On April 6, 1998, Mons. Bertone wrote in the name of the CDF, to Mons. Fliss, bishop of Superior, to explain that, after having examined the matter carefully, there was no statute of limitations for penal action as invoked by Fr. Murphy, and so the hearings could go on, but to bear in mind that Art. 1341 of the Code of Civil Law says that a penalty may only be imposed after it has been determined that "it is not possible to sufficiently obtain reparation for the scandal, the establishment of justice, and the emendment of the guilty" through other means.

Mons. Fliss responded on May 13 to Mons. Bertone that in accordance with his instructions, a canonical trial of Fr. Murphy was necessary in view of the gravity of the scandal and the great pain it had inflicted on the Catholic community of St. John's school. [Not language that one would use to refer to 'soliciting in the confessional'.]

On May 30, there was a meeting at the Vatican between Mons. Bertone, his undersecretary at CDF, Fr. Gianfranco Girotti, and the American prelates involved in the matter. From the minutes of the meeting, it appears that the CDF officials expressed doubts about the feasibility of such a trial because of the difficulty of reconstructing events that happened 35 years earlier, especially those that have to do with the crime of 'soliciting in the confessional', and since no other accusations had been presented since 1974.
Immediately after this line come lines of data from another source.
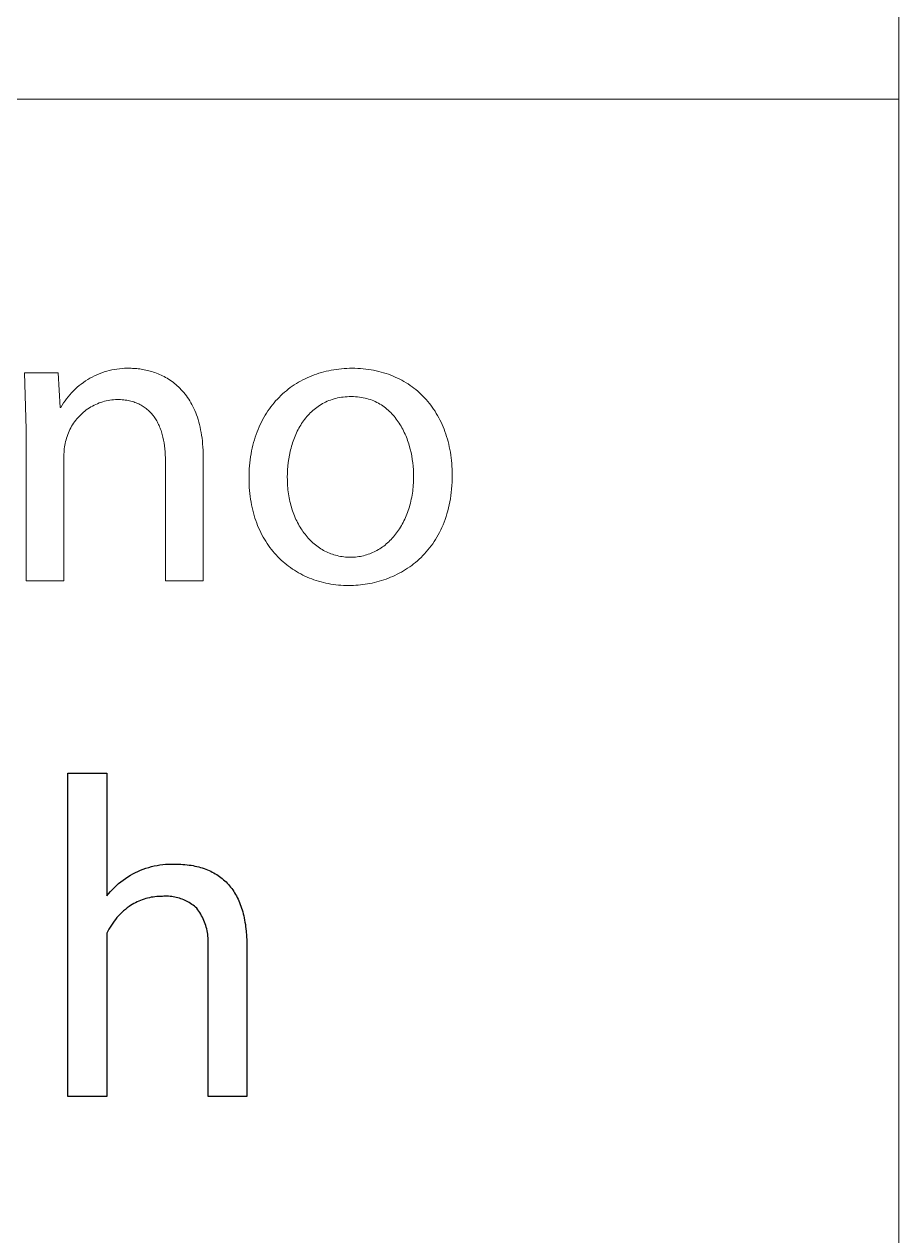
# Model space of a CAD drawing. Header units: millimetres. Extents: x 1383 to 4664, y -160 to 2132.
# Drawn here: x 4594 to 4660.8, y 119.9 to 212.6 of the extents above; entities that cross this region are included whole.
import ezdxf

# ---------------------------------------------------------------- set-up
doc = ezdxf.new("R2010")
doc.units = ezdxf.units.MM
doc.header["$MEASUREMENT"] = 0
doc.layers.add('Domyślny', color=7, linetype='Continuous', true_color=0x000000)

msp = doc.modelspace()

# ---------------------------------------------------------------- linework, layer by layer
at = {"layer": 'Domyślny', "color": 18, "lineweight": 15, "true_color": 0x000000}
for p, q in [((4660.842, -159.944), (4660.842, 2132.378)), ((4660.842, 206.844), (3424.001, 206.844)), ((4660.842, 206.844), (4660.842, -159.941)), ((4594.122, 181.6), (4593.991, 185.904)), ((4593.991, 185.904), (4596.559, 185.904)), ((4596.559, 185.904), (4596.712, 183.26)), ((4598.653, 185.284), (4598.821, 185.391)), ((4598.821, 185.391), (4598.993, 185.493)), ((4598.993, 185.493), (4599.167, 185.588)), ((4599.167, 185.588), (4599.345, 185.677)), ((4599.345, 185.677), (4599.526, 185.761)), ((4599.526, 185.761), (4599.709, 185.838)), ((4599.709, 185.838), (4599.895, 185.909)), ((4599.895, 185.909), (4600.083, 185.973)), ((4600.083, 185.973), (4600.274, 186.031)), ((4600.274, 186.031), (4600.466, 186.082)), ((4600.466, 186.082), (4600.66, 186.127)), ((4600.66, 186.127), (4600.855, 186.166)), ((4600.855, 186.166), (4601.052, 186.197)), ((4601.052, 186.197), (4601.249, 186.222)), ((4601.249, 186.222), (4601.447, 186.24)), ((4601.447, 186.24), (4601.646, 186.252)), ((4601.646, 186.252), (4601.845, 186.256)), ((4601.845, 186.256), (4602.044, 186.254)), ((4602.044, 186.254), (4602.148, 186.253)), ((4602.148, 186.253), (4602.253, 186.25)), ((4602.253, 186.25), (4602.36, 186.245)), ((4602.36, 186.245), (4602.469, 186.238)), ((4602.469, 186.238), (4602.579, 186.229)), ((4602.579, 186.229), (4602.69, 186.217)), ((4602.69, 186.217), (4602.802, 186.204)), ((4602.802, 186.204), (4602.915, 186.187)), ((4602.915, 186.187), (4603.029, 186.169)), ((4603.029, 186.169), (4603.144, 186.148)), ((4603.144, 186.148), (4603.26, 186.124)), ((4603.26, 186.124), (4603.377, 186.098)), ((4603.377, 186.098), (4603.493, 186.069)), ((4603.493, 186.069), (4603.611, 186.037)), ((4603.611, 186.037), (4603.728, 186.003)), ((4603.728, 186.003), (4603.846, 185.965)), ((4603.846, 185.965), (4603.964, 185.925)), ((4603.964, 185.925), (4604.082, 185.882)), ((4604.082, 185.882), (4604.199, 185.835)), ((4604.199, 185.835), (4604.317, 185.786)), ((4604.317, 185.786), (4604.434, 185.733)), ((4604.434, 185.733), (4604.551, 185.677)), ((4604.551, 185.677), (4604.667, 185.617)), ((4604.667, 185.617), (4604.782, 185.555)), ((4604.782, 185.555), (4604.897, 185.488)), ((4604.897, 185.488), (4605.011, 185.418)), ((4605.011, 185.418), (4605.124, 185.345)), ((4615.271, 185.37), (4615.44, 185.455)), ((4615.44, 185.455), (4615.611, 185.536)), ((4615.611, 185.536), (4615.785, 185.613)), ((4615.785, 185.613), (4615.961, 185.685)), ((4615.961, 185.685), (4616.14, 185.754)), ((4616.14, 185.754), (4616.32, 185.818)), ((4616.32, 185.818), (4616.503, 185.877)), ((4616.503, 185.877), (4616.688, 185.933)), ((4616.688, 185.933), (4616.875, 185.984)), ((4616.875, 185.984), (4617.063, 186.03)), ((4617.063, 186.03), (4617.254, 186.073)), ((4617.254, 186.073), (4617.447, 186.111)), ((4617.447, 186.111), (4617.641, 186.145)), ((4617.641, 186.145), (4617.837, 186.174)), ((4617.837, 186.174), (4618.035, 186.198)), ((4618.035, 186.198), (4618.234, 186.219)), ((4618.234, 186.219), (4618.435, 186.235)), ((4618.435, 186.235), (4618.638, 186.246)), ((4618.638, 186.246), (4618.842, 186.253)), ((4618.842, 186.253), (4619.047, 186.255)), ((4619.047, 186.255), (4619.26, 186.253)), ((4619.26, 186.253), (4619.471, 186.245)), ((4619.471, 186.245), (4619.679, 186.233)), ((4619.679, 186.233), (4619.885, 186.217)), ((4619.885, 186.217), (4620.089, 186.195)), ((4620.089, 186.195), (4620.291, 186.169)), ((4620.291, 186.169), (4620.49, 186.139)), ((4620.49, 186.139), (4620.687, 186.103)), ((4620.687, 186.103), (4620.881, 186.064)), ((4620.881, 186.064), (4621.073, 186.019)), ((4621.073, 186.019), (4621.262, 185.971)), ((4621.262, 185.971), (4621.449, 185.918)), ((4621.449, 185.918), (4621.633, 185.86)), ((4621.633, 185.86), (4621.814, 185.798)), ((4621.814, 185.798), (4621.993, 185.732)), ((4621.993, 185.732), (4622.169, 185.662)), ((4622.169, 185.662), (4622.342, 185.587)), ((4622.342, 185.587), (4622.512, 185.509)), ((4622.512, 185.509), (4622.68, 185.426)), ((4622.68, 185.426), (4622.844, 185.339)), ((4597.594, 184.385), (4597.732, 184.528)), ((4597.732, 184.528), (4597.875, 184.667)), ((4597.875, 184.667), (4598.022, 184.801)), ((4598.022, 184.801), (4598.173, 184.93)), ((4598.173, 184.93), (4598.329, 185.053)), ((4598.329, 185.053), (4598.489, 185.172)), ((4598.489, 185.172), (4598.653, 185.284)), ((4605.124, 185.345), (4605.236, 185.268)), ((4605.236, 185.268), (4605.346, 185.187)), ((4605.346, 185.187), (4605.456, 185.102)), ((4605.456, 185.102), (4605.563, 185.014)), ((4605.563, 185.014), (4605.67, 184.921)), ((4605.67, 184.921), (4605.775, 184.825)), ((4605.775, 184.825), (4605.878, 184.724)), ((4605.878, 184.724), (4605.979, 184.619)), ((4605.979, 184.619), (4606.078, 184.51)), ((4606.078, 184.51), (4606.176, 184.397)), ((4613.87, 184.421), (4614.014, 184.543)), ((4614.014, 184.543), (4614.161, 184.661)), ((4614.161, 184.661), (4614.312, 184.774)), ((4614.312, 184.774), (4614.465, 184.884)), ((4614.465, 184.884), (4614.621, 184.989)), ((4614.621, 184.989), (4614.779, 185.091)), ((4614.779, 185.091), (4614.941, 185.188)), ((4614.941, 185.188), (4615.104, 185.281)), ((4615.104, 185.281), (4615.271, 185.37)), ((4622.844, 185.339), (4623.006, 185.248)), ((4623.006, 185.248), (4623.165, 185.153)), ((4623.165, 185.153), (4623.321, 185.054)), ((4623.321, 185.054), (4623.474, 184.951)), ((4623.474, 184.951), (4623.624, 184.844)), ((4623.624, 184.844), (4623.77, 184.734)), ((4623.77, 184.734), (4623.914, 184.62)), ((4623.914, 184.62), (4624.054, 184.501)), ((4624.054, 184.501), (4624.191, 184.38)), ((4596.877, 183.432), (4596.983, 183.601)), ((4596.983, 183.601), (4597.095, 183.766)), ((4597.095, 183.766), (4597.212, 183.927)), ((4597.212, 183.927), (4597.334, 184.084)), ((4597.334, 184.084), (4597.462, 184.236)), ((4597.462, 184.236), (4597.594, 184.385)), ((4599.573, 183.548), (4599.444, 183.492)), ((4599.704, 183.6), (4599.573, 183.548)), ((4599.837, 183.647), (4599.704, 183.6)), ((4599.971, 183.69), (4599.837, 183.647)), ((4600.107, 183.728), (4599.971, 183.69)), ((4600.244, 183.761), (4600.107, 183.728)), ((4600.382, 183.79), (4600.244, 183.761)), ((4600.521, 183.814), (4600.382, 183.79)), ((4600.661, 183.833), (4600.521, 183.814)), ((4600.801, 183.847), (4600.661, 183.833)), ((4600.941, 183.857), (4600.801, 183.847)), ((4601.082, 183.861), (4600.941, 183.857)), ((4601.209, 183.86), (4601.082, 183.861)), ((4601.333, 183.855), (4601.209, 183.86)), ((4601.455, 183.847), (4601.333, 183.855)), ((4601.574, 183.837), (4601.455, 183.847)), ((4601.69, 183.823), (4601.574, 183.837)), ((4601.804, 183.806), (4601.69, 183.823)), ((4601.916, 183.787), (4601.804, 183.806)), ((4602.025, 183.765), (4601.916, 183.787)), ((4602.131, 183.74), (4602.025, 183.765)), ((4602.235, 183.712), (4602.131, 183.74)), ((4602.337, 183.681), (4602.235, 183.712)), ((4602.436, 183.648), (4602.337, 183.681)), ((4602.533, 183.612), (4602.436, 183.648)), ((4602.628, 183.573), (4602.533, 183.612)), ((4602.72, 183.532), (4602.628, 183.573)), ((4602.81, 183.488), (4602.72, 183.532)), ((4606.176, 184.397), (4606.271, 184.28)), ((4606.271, 184.28), (4606.364, 184.158)), ((4606.364, 184.158), (4606.454, 184.031)), ((4606.454, 184.031), (4606.543, 183.901)), ((4606.543, 183.901), (4606.628, 183.765)), ((4606.628, 183.765), (4606.711, 183.625)), ((4606.711, 183.625), (4606.791, 183.48)), ((4612.948, 183.461), (4613.07, 183.61)), ((4613.07, 183.61), (4613.195, 183.755)), ((4613.195, 183.755), (4613.324, 183.896)), ((4613.324, 183.896), (4613.455, 184.033)), ((4613.455, 184.033), (4613.59, 184.166)), ((4613.59, 184.166), (4613.729, 184.296)), ((4613.729, 184.296), (4613.87, 184.421)), ((4616.778, 183.551), (4616.664, 183.485)), ((4616.896, 183.614), (4616.778, 183.551)), ((4617.016, 183.673), (4616.896, 183.614)), ((4617.138, 183.729), (4617.016, 183.673)), ((4617.264, 183.78), (4617.138, 183.729)), ((4617.392, 183.829), (4617.264, 183.78)), ((4617.522, 183.873), (4617.392, 183.829)), ((4617.656, 183.914), (4617.522, 183.873)), ((4617.792, 183.95), (4617.656, 183.914)), ((4617.931, 183.983), (4617.792, 183.95)), ((4618.073, 184.011), (4617.931, 183.983)), ((4618.217, 184.035), (4618.073, 184.011)), ((4618.365, 184.056), (4618.217, 184.035)), ((4618.514, 184.071), (4618.365, 184.056)), ((4618.667, 184.083), (4618.514, 184.071)), ((4618.823, 184.089), (4618.667, 184.083)), ((4618.981, 184.092), (4618.823, 184.089)), ((4619.14, 184.089), (4618.981, 184.092)), ((4619.296, 184.082), (4619.14, 184.089)), ((4619.449, 184.07), (4619.296, 184.082)), ((4619.598, 184.053), (4619.449, 184.07)), ((4619.745, 184.031), (4619.598, 184.053)), ((4619.889, 184.005), (4619.745, 184.031)), ((4620.03, 183.975), (4619.889, 184.005)), ((4620.168, 183.94), (4620.03, 183.975)), ((4620.303, 183.901), (4620.168, 183.94)), ((4620.435, 183.858), (4620.303, 183.901)), ((4620.564, 183.811), (4620.435, 183.858)), ((4620.691, 183.759), (4620.564, 183.811)), ((4620.814, 183.704), (4620.691, 183.759)), ((4620.935, 183.645), (4620.814, 183.704)), ((4621.053, 183.583), (4620.935, 183.645)), ((4621.168, 183.517), (4621.053, 183.583)), ((4624.191, 184.38), (4624.325, 184.254)), ((4624.325, 184.254), (4624.456, 184.125)), ((4624.456, 184.125), (4624.584, 183.992)), ((4624.584, 183.992), (4624.708, 183.856)), ((4624.708, 183.856), (4624.828, 183.716)), ((4624.828, 183.716), (4624.946, 183.572)), ((4624.946, 183.572), (4625.059, 183.426)), ((4596.712, 183.26), (4596.777, 183.26)), ((4596.777, 183.26), (4596.877, 183.432)), ((4598.185, 182.601), (4598.089, 182.498)), ((4598.285, 182.701), (4598.185, 182.601)), ((4598.388, 182.798), (4598.285, 182.701)), ((4598.494, 182.89), (4598.388, 182.798)), ((4598.603, 182.98), (4598.494, 182.89)), ((4598.715, 183.065), (4598.603, 182.98)), ((4598.83, 183.146), (4598.715, 183.065)), ((4598.948, 183.224), (4598.83, 183.146)), ((4599.069, 183.297), (4598.948, 183.224)), ((4599.191, 183.366), (4599.069, 183.297)), ((4599.316, 183.431), (4599.191, 183.366)), ((4599.444, 183.492), (4599.316, 183.431)), ((4602.898, 183.442), (4602.81, 183.488)), ((4602.983, 183.393), (4602.898, 183.442)), ((4603.066, 183.342), (4602.983, 183.393)), ((4603.147, 183.289), (4603.066, 183.342)), ((4603.225, 183.233), (4603.147, 183.289)), ((4603.302, 183.175), (4603.225, 183.233)), ((4603.376, 183.114), (4603.302, 183.175)), ((4603.448, 183.052), (4603.376, 183.114)), ((4603.518, 182.987), (4603.448, 183.052)), ((4603.585, 182.92), (4603.518, 182.987)), ((4603.651, 182.851), (4603.585, 182.92)), ((4603.714, 182.78), (4603.651, 182.851)), ((4603.776, 182.706), (4603.714, 182.78)), ((4603.835, 182.631), (4603.776, 182.706)), ((4603.892, 182.554), (4603.835, 182.631)), ((4606.791, 183.48), (4606.868, 183.331)), ((4606.868, 183.331), (4606.943, 183.176)), ((4606.943, 183.176), (4607.014, 183.017)), ((4607.014, 183.017), (4607.082, 182.852)), ((4607.082, 182.852), (4607.147, 182.683)), ((4607.147, 182.683), (4607.208, 182.508)), ((4612.292, 182.488), (4612.392, 182.66)), ((4612.392, 182.66), (4612.496, 182.827)), ((4612.496, 182.827), (4612.604, 182.991)), ((4612.604, 182.991), (4612.715, 183.152)), ((4612.715, 183.152), (4612.83, 183.308)), ((4612.83, 183.308), (4612.948, 183.461)), ((4615.661, 182.654), (4615.575, 182.555)), ((4615.749, 182.75), (4615.661, 182.654)), ((4615.841, 182.843), (4615.749, 182.75)), ((4615.934, 182.934), (4615.841, 182.843)), ((4616.031, 183.021), (4615.934, 182.934)), ((4616.13, 183.106), (4616.031, 183.021)), ((4616.231, 183.188), (4616.13, 183.106)), ((4616.335, 183.267), (4616.231, 183.188)), ((4616.442, 183.343), (4616.335, 183.267)), ((4616.552, 183.416), (4616.442, 183.343)), ((4616.664, 183.485), (4616.552, 183.416)), ((4621.281, 183.447), (4621.168, 183.517)), ((4621.39, 183.374), (4621.281, 183.447)), ((4621.497, 183.298), (4621.39, 183.374)), ((4621.601, 183.219), (4621.497, 183.298)), ((4621.703, 183.136), (4621.601, 183.219)), ((4621.802, 183.051), (4621.703, 183.136)), ((4621.898, 182.962), (4621.802, 183.051)), ((4621.991, 182.871), (4621.898, 182.962)), ((4622.082, 182.777), (4621.991, 182.871)), ((4622.17, 182.68), (4622.082, 182.777)), ((4622.256, 182.581), (4622.17, 182.68)), ((4625.059, 183.426), (4625.17, 183.276)), ((4625.17, 183.276), (4625.276, 183.122)), ((4625.276, 183.122), (4625.38, 182.965)), ((4625.38, 182.965), (4625.479, 182.805)), ((4625.479, 182.805), (4625.575, 182.642)), ((4625.575, 182.642), (4625.668, 182.475)), ((4597.524, 181.692), (4597.459, 181.567)), ((4597.593, 181.815), (4597.524, 181.692)), ((4597.666, 181.936), (4597.593, 181.815)), ((4597.743, 182.054), (4597.666, 181.936)), ((4597.823, 182.17), (4597.743, 182.054)), ((4597.908, 182.282), (4597.823, 182.17)), ((4597.997, 182.392), (4597.908, 182.282)), ((4598.089, 182.498), (4597.997, 182.392)), ((4603.948, 182.475), (4603.892, 182.554)), ((4604.001, 182.394), (4603.948, 182.475)), ((4604.052, 182.311), (4604.001, 182.394)), ((4604.102, 182.227), (4604.052, 182.311)), ((4604.149, 182.14), (4604.102, 182.227)), ((4604.194, 182.052), (4604.149, 182.14)), ((4604.238, 181.962), (4604.194, 182.052)), ((4604.28, 181.871), (4604.238, 181.962)), ((4604.32, 181.778), (4604.28, 181.871)), ((4604.358, 181.683), (4604.32, 181.778)), ((4604.394, 181.587), (4604.358, 181.683)), ((4607.208, 182.508), (4607.266, 182.329)), ((4607.266, 182.329), (4607.32, 182.144)), ((4607.32, 182.144), (4607.37, 181.953)), ((4607.37, 181.953), (4607.417, 181.758)), ((4607.417, 181.758), (4607.459, 181.557)), ((4611.85, 181.576), (4611.93, 181.766)), ((4611.93, 181.766), (4612.015, 181.952)), ((4612.015, 181.952), (4612.103, 182.134)), ((4612.103, 182.134), (4612.196, 182.313)), ((4612.196, 182.313), (4612.292, 182.488)), ((4614.976, 181.682), (4614.913, 181.563)), ((4615.042, 181.798), (4614.976, 181.682)), ((4615.111, 181.913), (4615.042, 181.798)), ((4615.182, 182.026), (4615.111, 181.913)), ((4615.255, 182.136), (4615.182, 182.026)), ((4615.332, 182.244), (4615.255, 182.136)), ((4615.41, 182.35), (4615.332, 182.244)), ((4615.491, 182.454), (4615.41, 182.35)), ((4615.575, 182.555), (4615.491, 182.454)), ((4622.339, 182.479), (4622.256, 182.581)), ((4622.419, 182.375), (4622.339, 182.479)), ((4622.497, 182.269), (4622.419, 182.375)), ((4622.573, 182.16), (4622.497, 182.269)), ((4622.646, 182.05), (4622.573, 182.16)), ((4622.716, 181.937), (4622.646, 182.05)), ((4622.784, 181.823), (4622.716, 181.937)), ((4622.849, 181.707), (4622.784, 181.823)), ((4622.912, 181.589), (4622.849, 181.707)), ((4625.668, 182.475), (4625.756, 182.305)), ((4625.756, 182.305), (4625.841, 182.132)), ((4625.841, 182.132), (4625.922, 181.956)), ((4625.922, 181.956), (4625.999, 181.778)), ((4625.999, 181.778), (4626.073, 181.596)), ((4594.122, 169.996), (4594.122, 181.6)), ((4597.164, 180.779), (4597.129, 180.646)), ((4597.204, 180.911), (4597.164, 180.779)), ((4597.246, 181.046), (4597.204, 180.911)), ((4597.292, 181.179), (4597.246, 181.046)), ((4597.344, 181.31), (4597.292, 181.179)), ((4597.399, 181.44), (4597.344, 181.31)), ((4597.459, 181.567), (4597.399, 181.44)), ((4604.428, 181.49), (4604.394, 181.587)), ((4604.461, 181.39), (4604.428, 181.49)), ((4604.491, 181.29), (4604.461, 181.39)), ((4604.52, 181.188), (4604.491, 181.29)), ((4604.548, 181.085), (4604.52, 181.188)), ((4604.573, 180.98), (4604.548, 181.085)), ((4604.619, 180.768), (4604.573, 180.98)), ((4604.659, 180.55), (4604.619, 180.768)), ((4607.459, 181.557), (4607.498, 181.35)), ((4607.498, 181.35), (4607.533, 181.138)), ((4607.533, 181.138), (4607.563, 180.92)), ((4607.563, 180.92), (4607.589, 180.696)), ((4611.51, 180.575), (4611.569, 180.782)), ((4611.569, 180.782), (4611.633, 180.986)), ((4611.633, 180.986), (4611.701, 181.186)), ((4611.701, 181.186), (4611.773, 181.383)), ((4611.773, 181.383), (4611.85, 181.576)), ((4614.582, 180.816), (4614.535, 180.687)), ((4614.631, 180.945), (4614.582, 180.816)), ((4614.682, 181.072), (4614.631, 180.945)), ((4614.736, 181.197), (4614.682, 181.072)), ((4614.793, 181.321), (4614.736, 181.197)), ((4614.851, 181.443), (4614.793, 181.321)), ((4614.913, 181.563), (4614.851, 181.443)), ((4622.972, 181.47), (4622.912, 181.589)), ((4623.031, 181.349), (4622.972, 181.47)), ((4623.086, 181.226), (4623.031, 181.349)), ((4623.139, 181.103), (4623.086, 181.226)), ((4623.19, 180.978), (4623.139, 181.103)), ((4623.239, 180.852), (4623.19, 180.978)), ((4623.285, 180.725), (4623.239, 180.852)), ((4626.073, 181.596), (4626.142, 181.411)), ((4626.142, 181.411), (4626.208, 181.223)), ((4626.208, 181.223), (4626.269, 181.032)), ((4626.269, 181.032), (4626.327, 180.838)), ((4626.327, 180.838), (4626.381, 180.642)), ((4597.011, 179.831), (4597.007, 179.694)), ((4597.02, 179.969), (4597.011, 179.831)), ((4597.033, 180.105), (4597.02, 179.969)), ((4597.051, 180.242), (4597.033, 180.105)), ((4597.072, 180.377), (4597.051, 180.242)), ((4597.099, 180.512), (4597.072, 180.377)), ((4597.129, 180.646), (4597.099, 180.512)), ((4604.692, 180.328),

At the end of the meeting, Bertone summarized the two fundamental lines he proposed: a territorial restriction for Murphy (in effect, he should remain in Superior), and a decisive action to obtain his repentance including the threat of 'reduction to lay status'.

On August 19, the bishop of Milwaukee wrote Bertone to let him know what had been done to put into effect the lines he had indicated, and to inform him that his diocese would continue being responsible for the cost of providing therapy for victims of sexual abuse.

Two days later, on August 21, Fr. Murphy died.